*ditulis sesuai mulanya. dimuat di Kaltim Post, 26 Juni 2011
Selamat membaca.... :)
DUA
CINCIN DESWITA
oleh Hesti Daisy
Masih
pukul 06:30 WITA. Pagi mengisyaratkan sepertinya sepanjang hari nanti akan
sangat cerah. Geliat aktifitas perkotaan di weekand
seperti ini memang hanya sedikit. Tidak seperti hari-hari kerja dimana pada
waktu seperti ini jalanan sudah ramai lalu lalang kendaraan dan pemakai jalan.
Jalanan dan sepanjang trotoar Ahad seperti ini biasanya dimanfaatkan oleh
gerombolan remaja dan anak-anak yang jogging
sambil tertawa-tawa.
Di dalam kamar bercat biru langit sebuah
hunian mewah, Deswita sedang mematut diri setengah meter di depan cermin riasnya.

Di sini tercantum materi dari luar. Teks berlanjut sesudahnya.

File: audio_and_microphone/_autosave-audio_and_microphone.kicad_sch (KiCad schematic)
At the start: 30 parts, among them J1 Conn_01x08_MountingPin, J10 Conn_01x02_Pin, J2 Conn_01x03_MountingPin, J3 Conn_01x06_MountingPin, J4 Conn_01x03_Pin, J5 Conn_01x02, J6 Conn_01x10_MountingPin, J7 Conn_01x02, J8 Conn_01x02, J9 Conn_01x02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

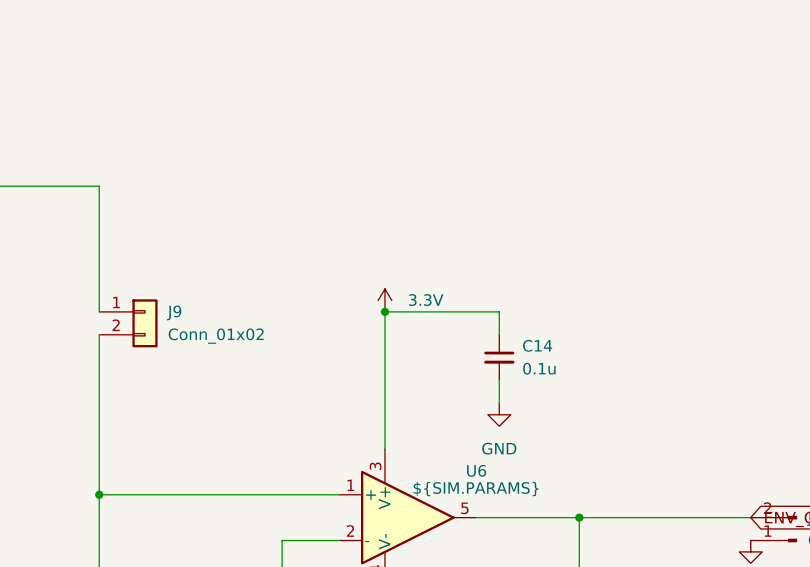
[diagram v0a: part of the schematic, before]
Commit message: changed trace size and 90 degree angles
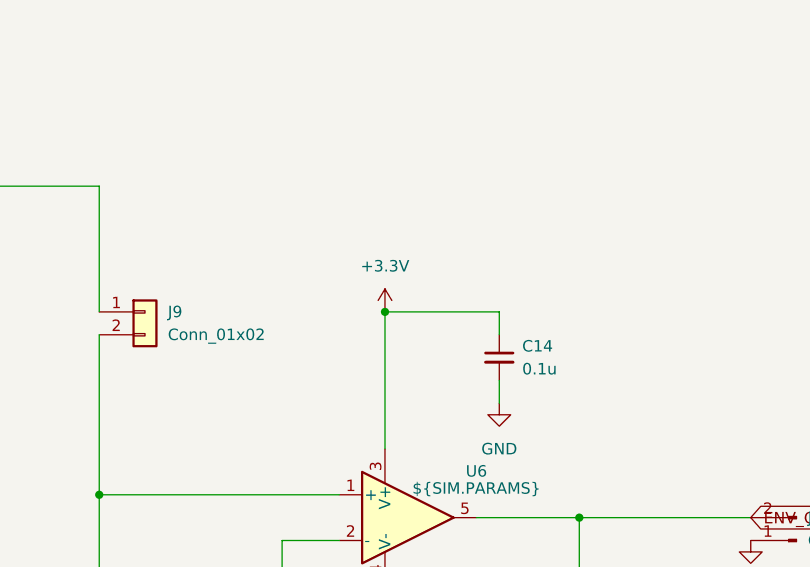
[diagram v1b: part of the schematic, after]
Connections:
- net 3.3V is gone; now on net +3.3V: C14.1, U6.3 (V+)
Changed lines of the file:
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@@
 			)
 		)
-		(property "Value" "3.3V"
-			(at 191.77 81.2799 0)
+		(property "Value" "+3.3V"
+			(at 189.23 77.47 0)
 			(effects
 				(font
 					(size 1.27 1.27)
 				)
-				(justify left)
 			)
 		)

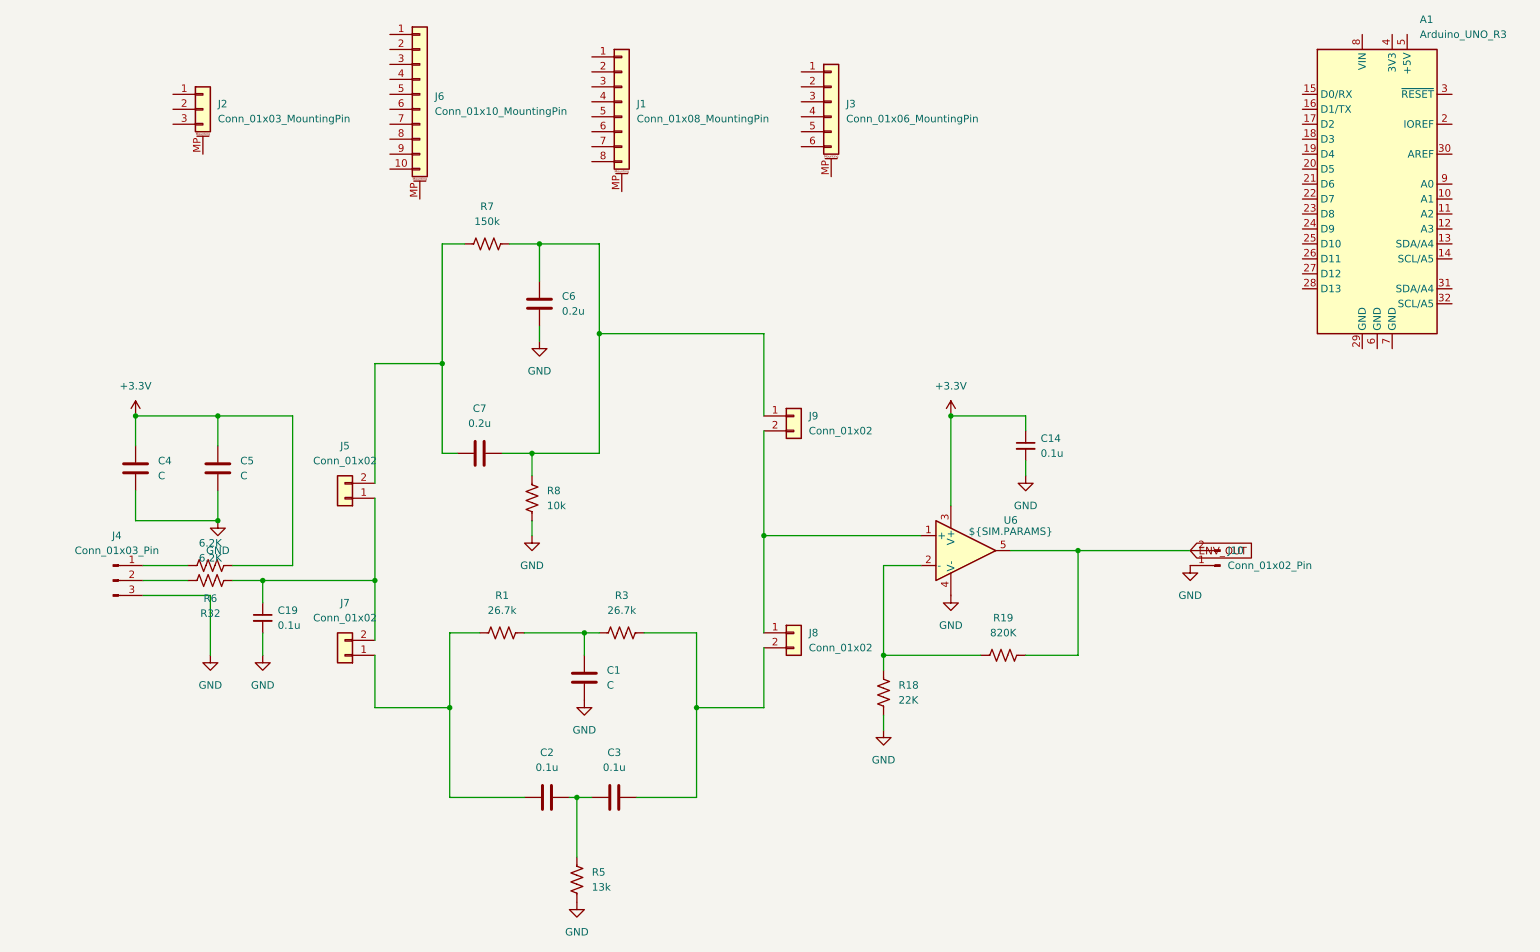
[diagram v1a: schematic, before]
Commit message: updated pcb to be cleaner with net labels and no redundancy
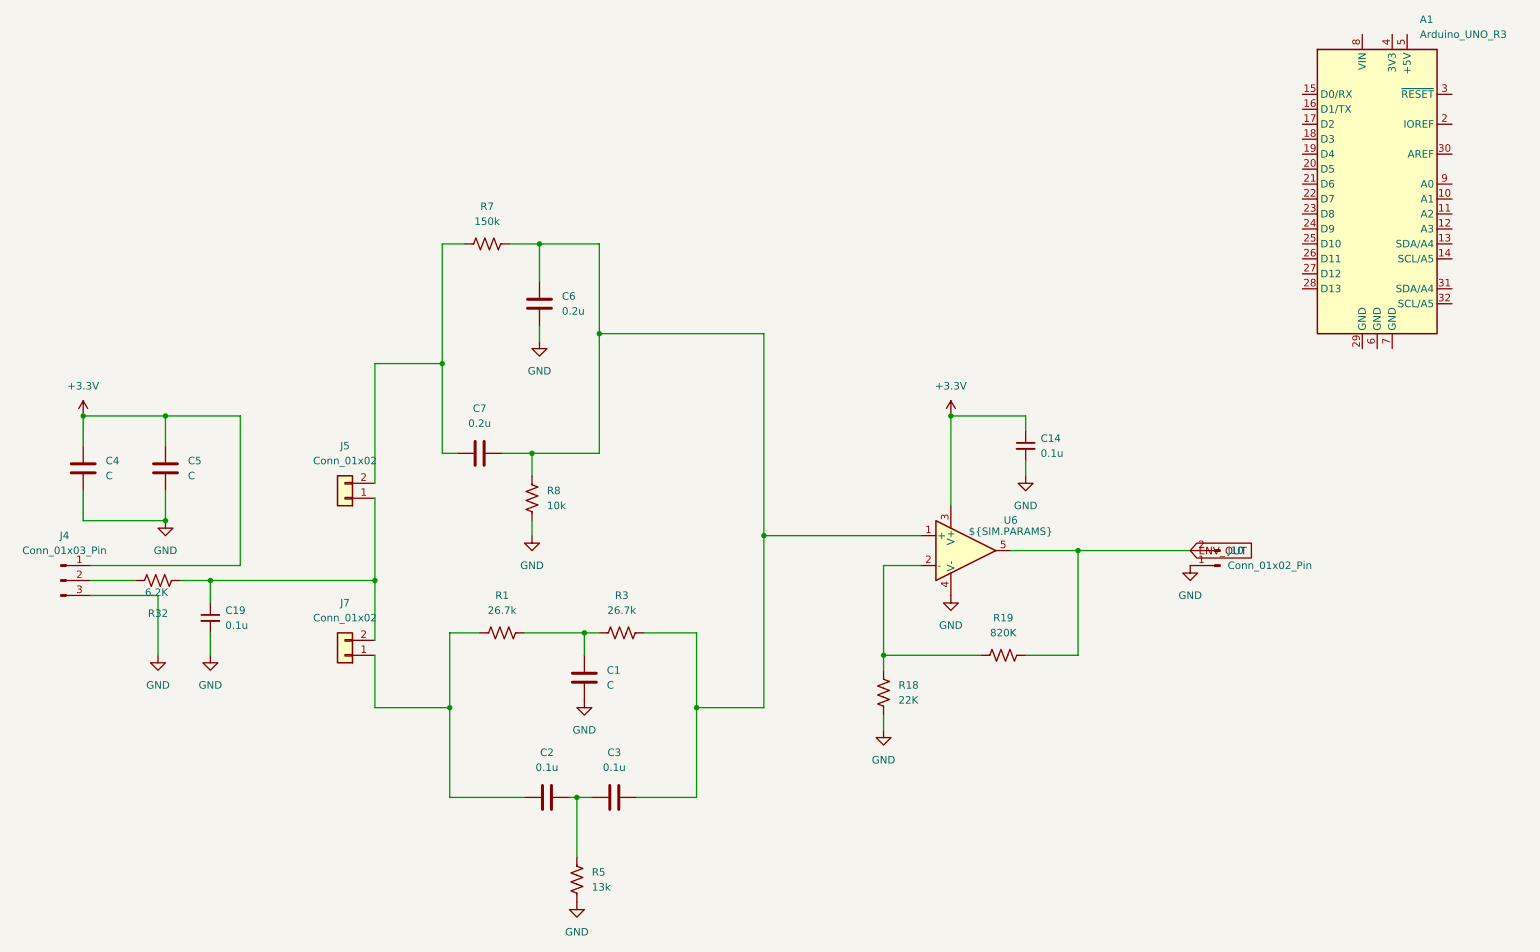
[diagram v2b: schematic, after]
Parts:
- removed J1: Conn_01x08_MountingPin, Connector_PinHeader_2.54mm:PinHeader_1x08_P2.54mm_Vertical, symbol Connector_Generic_MountingPin:Conn_01x08_MountingPin
- removed J2: Conn_01x03_MountingPin, Connector_Harwin:Harwin_M20-89003xx_1x03_P2.54mm_Horizontal, symbol Connector_Generic_MountingPin:Conn_01x03_MountingPin
- removed J3: Conn_01x06_MountingPin, Connector_PinHeader_2.54mm:PinHeader_1x06_P2.54mm_Vertical, symbol Connector_Generic_MountingPin:Conn_01x06_MountingPin
- removed J6: Conn_01x10_MountingPin, Connector_PinHeader_2.54mm:PinHeader_1x10_P2.54mm_Vertical, symbol Connector_Generic_MountingPin:Conn_01x10_MountingPin
- removed J8, J9: Conn_01x02, Connector_PinHeader_2.54mm:PinHeader_1x02_P2.54mm_Vertical, symbol Connector_Generic:Conn_01x02
- removed R6: 6.2K, Resistor_SMD:R_0603_1608Metric_Pad0.98x0.95mm_HandSolder, symbol Device:R_US
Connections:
- net +3.3V: now also J4.1 (Pin_1)
- net at C6.1, C7.2, R7.2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: now also C3.2, R3.2, U6.1 (+)
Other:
- moved on the sheet: C19, C4, C5, J4, R32

Merapikan t-shirt berpadu celana jeans yang
dipakainya. Rambutnya hanya dikuncir ekor kuda. Beberapa saat ia tersenyum
kemudian maju beberapa langkah, lebih dekat dengan cermin. Sesaat ia merasa
sudah tak lagi muda meskipun teman-temannya mengatakan ia masih tetap segar dan
cantik layaknya gadis 18 tahunan.
“Alaaah..biar
sudah berumur kau itu tetap cantik, Des. Tak berdandan pun sudah terlihat
menarik. Auramu itu lho,” komentar Reta sahabat sekaligus teman kantornya
ketika Deswita iseng bertanya apakah ia terlihat tua.
“Ah,
kau bercanda. Aku ini sudah tua,” kata Deswita mempertahankan penilaian dirinya
sendiri.
“Ya
sudah, yang menilai kamu seperti apa kan orang lain. Tapi kalau kamu terus
menanamkan penilaian seperti itu kepada dirimu sendiri, jelas saja kau akan
cepat tua,” cetus Reta, mulai gemas dengan Deswita.
“Aduuh,
Nona manis jangan merajuk, dong. Iya, iya, aku masih muda kok meski sudah 26
tahun aku hidup di dunia. Haha..” seru Deswita sambil tertawa, menepuk-nepuk
paha Reta yang duduk di sampingnya. Reta merengut kesal.